ONCE THE MULLAH

Bir konuyu itiraf etmeliyim, okuma alışkanlığımı ilk okulda değil, yatılı okula gittiğimde kazanmıştım. Muhteşem bir kütüphanemiz vardı okulda. İlk okuduğum kitapları pek hatırlamamakla birlikte, Alice Geer Kelseyin yazdığı ONCE THE MULLAH  adlı kitabı okurken çok keyif almıştım. Gerçekte yaşayıp yaşamadığını bilmediğimiz bir efsane insanın hikayeleri, bana Akşehir’de yaşadığına inanılan, hoca Nasreddin’i anımsatmıştı. Hatta Azerbaycan da ise Molla Nasreddin olarak, aynı hikayelerle anılır. 

Hoca Nasreddin ters bindiği eşeği ile bir çok hikayeye konu olur. Beyşehir gölüne maya çalması ile bilinen ve de her sene sembolik göle yoğurt mayası çalınır. Etkinlikte konu olan hikayede hoca gölün  kenarında kaşıkla göle yoğurt çalmaya çalıştığını gören köylü ‘ Hoca sen ne yapıyorsun orada ? ‘ diye sorusuna, Nasreddin Hoca ; ‘göle yoğurt mayalıyorum’ diye cevap verir. Köylü basar kahkahayı , ‘ Hoca hiç göl yoğurt tutar mı ? ‘ diyerek hocaya güler. Ancak hoca Nasrettin , ‘ Oğlum bende biliyorum gölün yoğurt tutmayacağını tamam, ama ya göl maya tutarsa , koskoca bir göl yoğurt,’ demez mi ?

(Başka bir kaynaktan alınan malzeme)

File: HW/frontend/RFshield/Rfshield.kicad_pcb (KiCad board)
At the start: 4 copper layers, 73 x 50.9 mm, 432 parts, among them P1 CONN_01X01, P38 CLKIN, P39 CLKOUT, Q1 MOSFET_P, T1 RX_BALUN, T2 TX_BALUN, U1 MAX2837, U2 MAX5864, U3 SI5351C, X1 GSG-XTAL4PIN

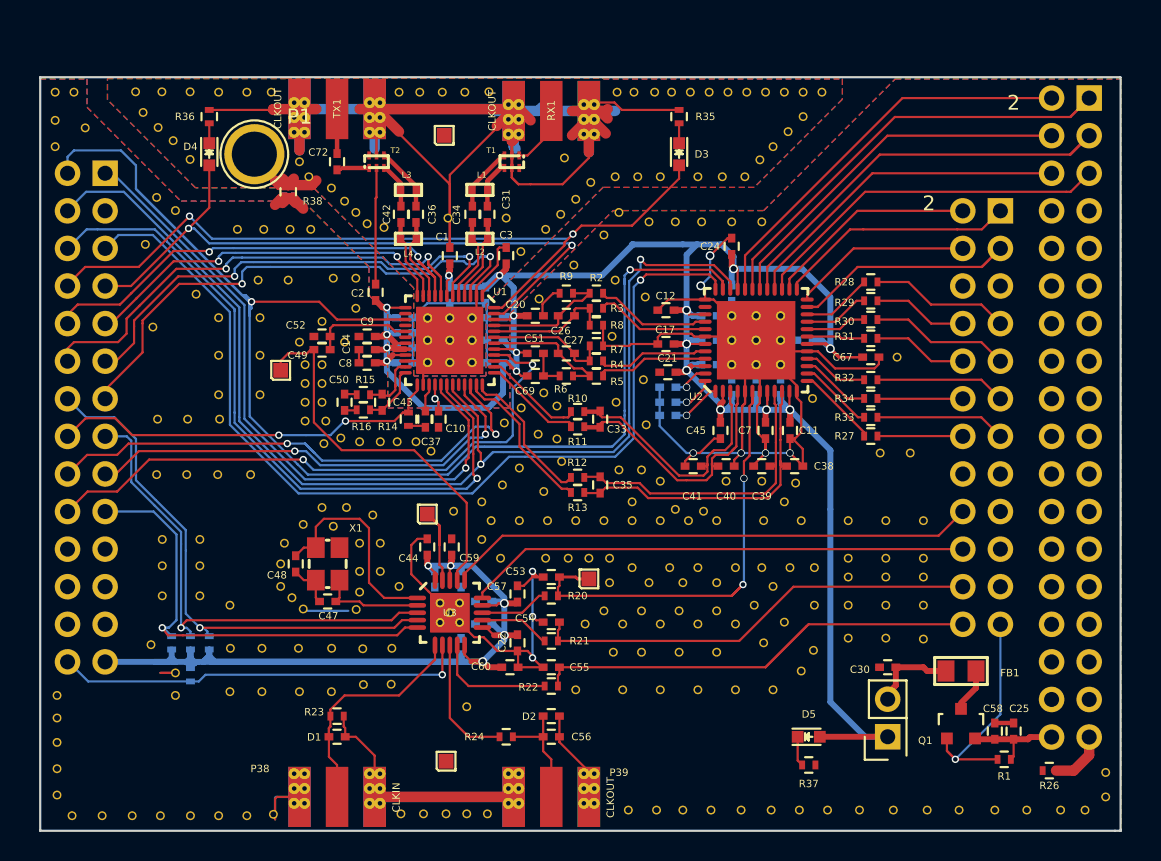
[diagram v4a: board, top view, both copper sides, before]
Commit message: Final text corrections
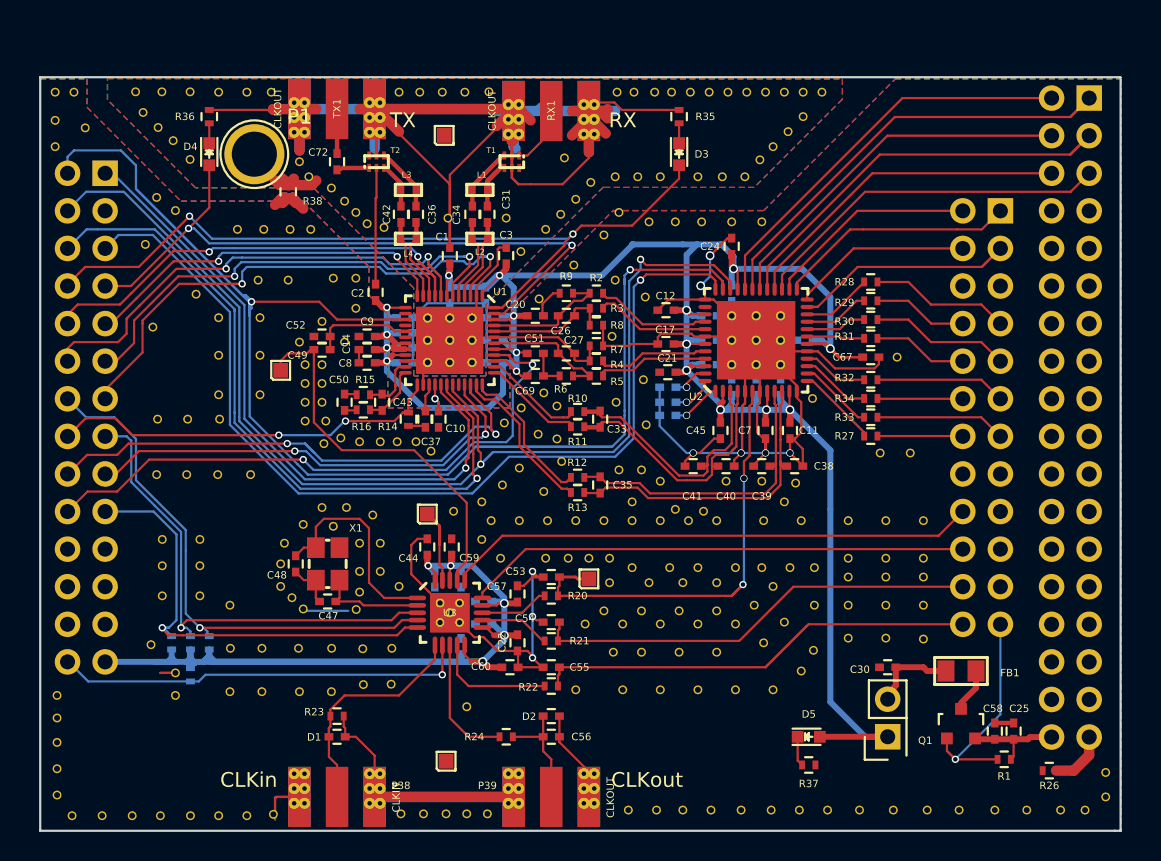
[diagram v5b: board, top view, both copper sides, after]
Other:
- board text added: "CLKin"
- board text added: "CLKout"
- board text added: "Quacho RF Shield v 1.0"
- board text added: "RX"
- board text added: "TX"
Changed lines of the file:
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@@
-(kicad_pcb (version 4) (host pcbnew 4.0.2-stable)
+(kicad_pcb (version 4) (host pcbnew 4.0.0-rc1-stable)
   (general
     (links 723)
     (no_connects 26)
-    (area 12.754 47.4758 123.009 132.4832)
+    (area 12.754 47.4758 122.5645 132.4832)
     (thickness 1.6)
-    (drawings 8)
+    (drawings 13)
     (tracks 1547)
     (zones 0)
@@
     (34 B.Paste user hide)
     (35 F.Paste user)
-    (36 B.SilkS user hide)
+    (36 B.SilkS user)
     (37 F.SilkS user)
     (38 B.Mask user hide)
@@
     (pad_to_mask_clearance 0)
     (aux_axis_origin 20 90)
-    (visible_elements 7FFECA3F)
+    (visible_elements 7FFEFFFF)
     (pcbplotparams
       (layerselection 0x010fc_80000001)
@@
   (module hackrf1:GSG-SMA-EDGE (layer F.Cu)
     (at 40.386 117.856 90)
-    (fp_text reference P38 (at 3.937 -5.207 180) (layer F.SilkS)
+    (fp_text reference P38 (at 2.794 4.318 180) (layer F.SilkS)
       (effects (font (size 0.50038 0.50038) (thickness 0.12446)))
     )
@@
   (module hackrf1:GSG-SMA-EDGE (layer F.Cu)
     (at 54.864 117.856 90)
-    (fp_text reference P39 (at 3.683 4.572 180) (layer F.SilkS)
+    (fp_text reference P39 (at 2.794 -4.318 180) (layer F.SilkS)
       (effects (font (size 0.50038 0.50038) (thickness 0.12446)))
     )
@@
       (net 94 0V_dig) (die_length -2147.483648))
   )
+  (gr_text TX (at 44.831 70.104) (layer F.SilkS)
+    (effects (font (size 1 1) (thickness 0.2)))
+  )
+  (gr_text RX (at 59.69 70.104) (layer F.SilkS)
+    (effects (font (size 1 1) (thickness 0.2)))
+  )
+  (gr_text CLKout (at 61.341 114.681) (layer F.SilkS)
+    (effects (font (size 1 1) (thickness 0.2)))
+  )
+  (gr_text CLKin (at 34.417 114.681) (layer F.SilkS)
+    (effects (font (size 1 1) (thickness 0.2)))
+  )
+  (gr_text "Quacho \nRF Shield\nv 1.0" (at 63.881 109.601) (layer B.SilkS)
+    (effects (font (size 2 2) (thickness 0.2)) (justify mirror))
+  )
   (gr_line (start 92.966 118.109) (end 93.336 118.109) (angle 90) (layer Edge.Cuts) (width 0.15))
   (gr_line (start 20.326 118.109) (end 92.966 118.109) (angle 90) (layer Edge.Cuts) (width 0.15))
@@
   (gr_line (start 20.326 67.209) (end 20.326 118.109) (angle 90) (layer Edge.Cuts) (width 0.15))
   (gr_line (start 20.316 67.189) (end 93.316 67.189) (angle 90) (layer Edge.Cuts) (width 0.15))
-  (gr_text 2 (at 86.103 68.919) (layer F.SilkS)
-    (effects (font (size 1 1) (thickness 0.25)))
+  (gr_text 2 (at 86.103 68.919) (layer B.SilkS)
+    (effects (font (size 1 1) (thickness 0.25)) (justify mirror))
   )
-  (gr_text 2 (at 80.383 75.719) (layer F.SilkS)
-    (effects (font (size 1 1) (thickness 0.25)))
+  (gr_text 2 (at 80.383 75.719) (layer B.SilkS)
+    (effects (font (size 1 1) (thickness 0.25)) (justify mirror))
   )
   (segment (start 91.213 88.919) (end 91.213 88.546) (width 0.15) (layer F.Cu) (net 0))
@@
   (segment (start 91.213 111.779) (end 91.213 113.003) (width 0.7) (layer F.Cu) (net 61))
   (segment (start 91.223 111.789) (end 91.213 111.779) (width 0.15) (layer F.Cu) (net 61))
-  (segment (start 85.213 104.159) (end 85.213 110.24) (width 0.15) (layer B.Cu) (net 62) (status 400000))
+  (segment (start 85.213 104.159) (end 85.213 110.24) (width 0.15) (layer B.Cu) (net 62))
   (segment (start 85.213 110.24) (end 82.169 113.284) (width 0.15) (layer B.Cu) (net 62))
   (segment (start 81.6 112.715) (end 82.169 113.284) (width 0.15) (layer F.Cu) (net 62))
@@
   (segment (start 44.45 79.502) (end 44.45 79.3115) (width 0.15) (layer F.Cu) (net 82))
   (segment (start 45.806 80.858) (end 44.45 79.502) (width 0.15) (layer F.Cu) (net 82))
-  (segment (start 36.576 86.995) (end 36.576 86.36) (width 0.15) (layer F.Cu) (net 83) (status 400000))
+  (segment (start 36.576 86.995) (end 36.576 86.36) (width 0.15) (layer F.Cu) (net 83))
   (segment (start 38.354 85.852) (end 37.084 85.852) (width 0.15) (layer F.Cu) (net 83))
   (segment (start 37.084 85.852) (end 36.576 86.36) (width 0.15) (layer F.Cu) (net 83))

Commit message: minor modifications
margin, vias and drc corrections
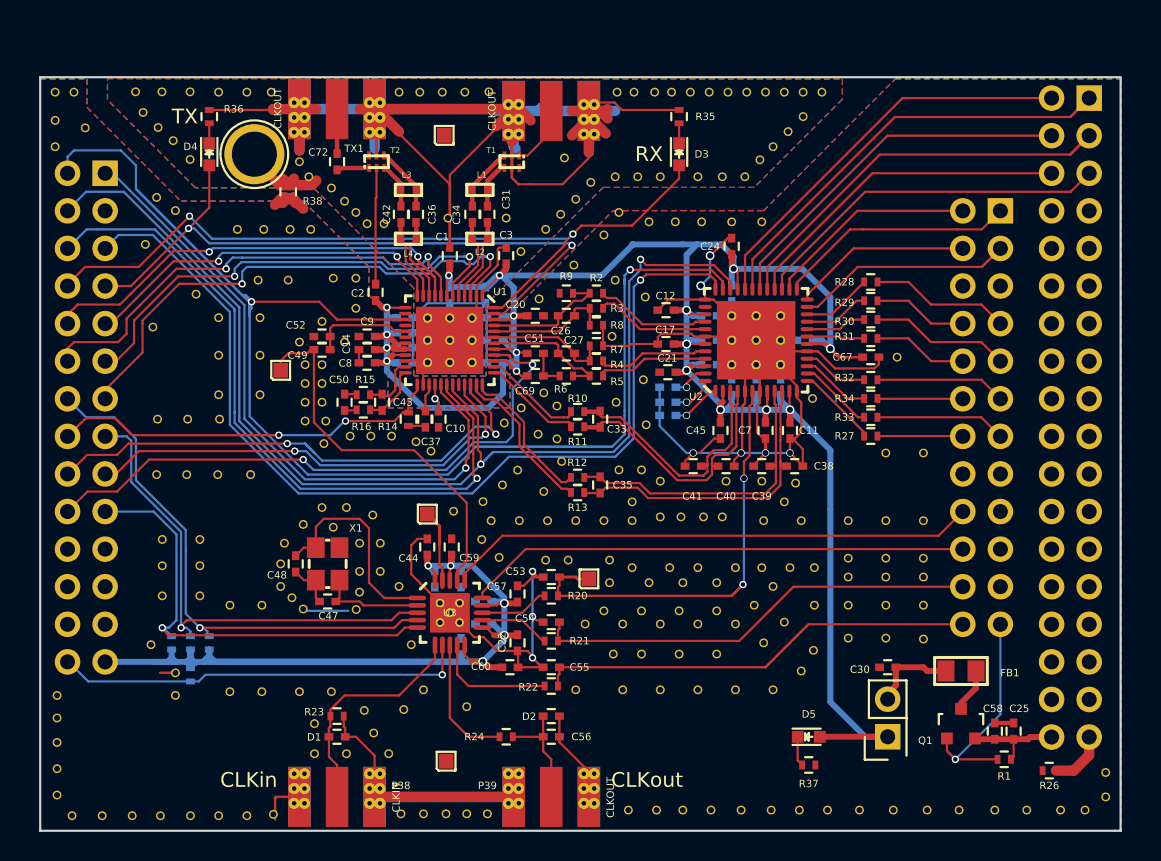
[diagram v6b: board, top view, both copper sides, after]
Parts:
- removed the ? at (64.1, 97.2)
- moved ? 18.2 mm to (42.2, 110.0)
- moved ? 16.2 mm to (44.9, 109.9)
- moved ? 8.10 mm to (43.9, 112.9)
- moved ? 7.63 mm to (38.9, 110.9)
- moved ? 7.20 mm to (38.9, 112.9)
- moved ? 5.74 mm to (42.9, 111.5)
- moved ? 4.81 mm to (41.0, 112.9)
- moved ? 2.91 mm to (35.3, 102.9)
- moved ? 2.22 mm to (46.2, 108.6)
- moved ? 1.34 mm to (45.4, 105.5)
- moved ? 0.89 mm to (80.0, 92.6)
- moved ? 0.85 mm to (42.7, 91.4)
- moved ? 0.65 mm to (41.3, 91.4)
- moved ? 0.63 mm to (63.6, 96.9)
- moved ? 0.54 mm to (44.1, 91.4)
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- renumbered RX1 to ?, P1 to ?
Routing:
- net GND: track 165.0 -> 169.5 mm
- net 0V_dig: track 194.3 -> 192.0 mm

Alice Geer Kelseyin kitabında bu gibi hikaye ve bir çok hikaye, sanki Anadolu’da yaşadığına inandığımız Nasreddin Hocanın masalları vardı. Kitabın ön açıklamasında, Mullah Nasr ed-Din’ in İran da yaşamış bir halk insanı olarak tanıtılmakta. Hikaye edilen konular hem okuyanı güldüren, hem de düşündüren türden, masalsı söyleşileri içermekteydi.  

Gecenin karanlığında ayın aydınlattığı köy meydanında dolanan Hoca Nasreddin’i gören köylü Hoca’ya sorar ‘ Hoca gecenin bu vaktinde burada ne arıyorsun? ’ Hoca kaldırır başını Köylüye cevap verir ‘ Kaybettiğim tespihimi arıyorum.’ Köylü tekrar sorar ‘ Tespihi burada mı kaybettin Hoca efendi ? ‘ Sakin bir eda ile cevap verir ‘ Hayır burada kaybetmedim, ancak ay ışığı burayı aydınlattığı için burada aramaktayım ‘ diye cevap verir.  

Okumaya devam et  Muhalefet odakları, kendinize geliniz

İran’da ekmek fırınları bizim bildiğimiz türden değildir. Üretilen ekmekte bizim yediğimiz ekmek türünden değildir. Bizim yufka türde pide gibi açılıp sacda pişirilen köy ekmeği olarak bildiğimiz hamuru İran’da, oklava ile açıp, içinde ateş olan bir fıçı şeklindeki fırının iç duvarına yapıştırırlar. Kısa bir zamanda pişen yufka ekmeği çıkarıp satarlar. Lezzeti ile tanınan bir fırından ekmek almak için giden Hoca Nasreddin, bakar fırının önünde sıra var,  sırada duranlara ‘ Ey ahali, Aşağıdaki fırında bedava pide dağıtıyorlar, bilin’ der. Herkes sıradan çıkıp aşağıdaki fırına koşmaya başlar. Hoca boşalan fırından ekmek almaktansa, koşanların peşinden koşmaya başlar. Adamın biri sorar ‘ Hoca sen nereye koşuyorsun böyle?’ Hoca Nasreddin hem koşar hem de ‘ Dedikodu bile olsa, mutlaka bir gerçek payı olabilir diye bunca insan nereye koşuyorsa, bende  oraya koşuyorum,’ diye cevap verir.   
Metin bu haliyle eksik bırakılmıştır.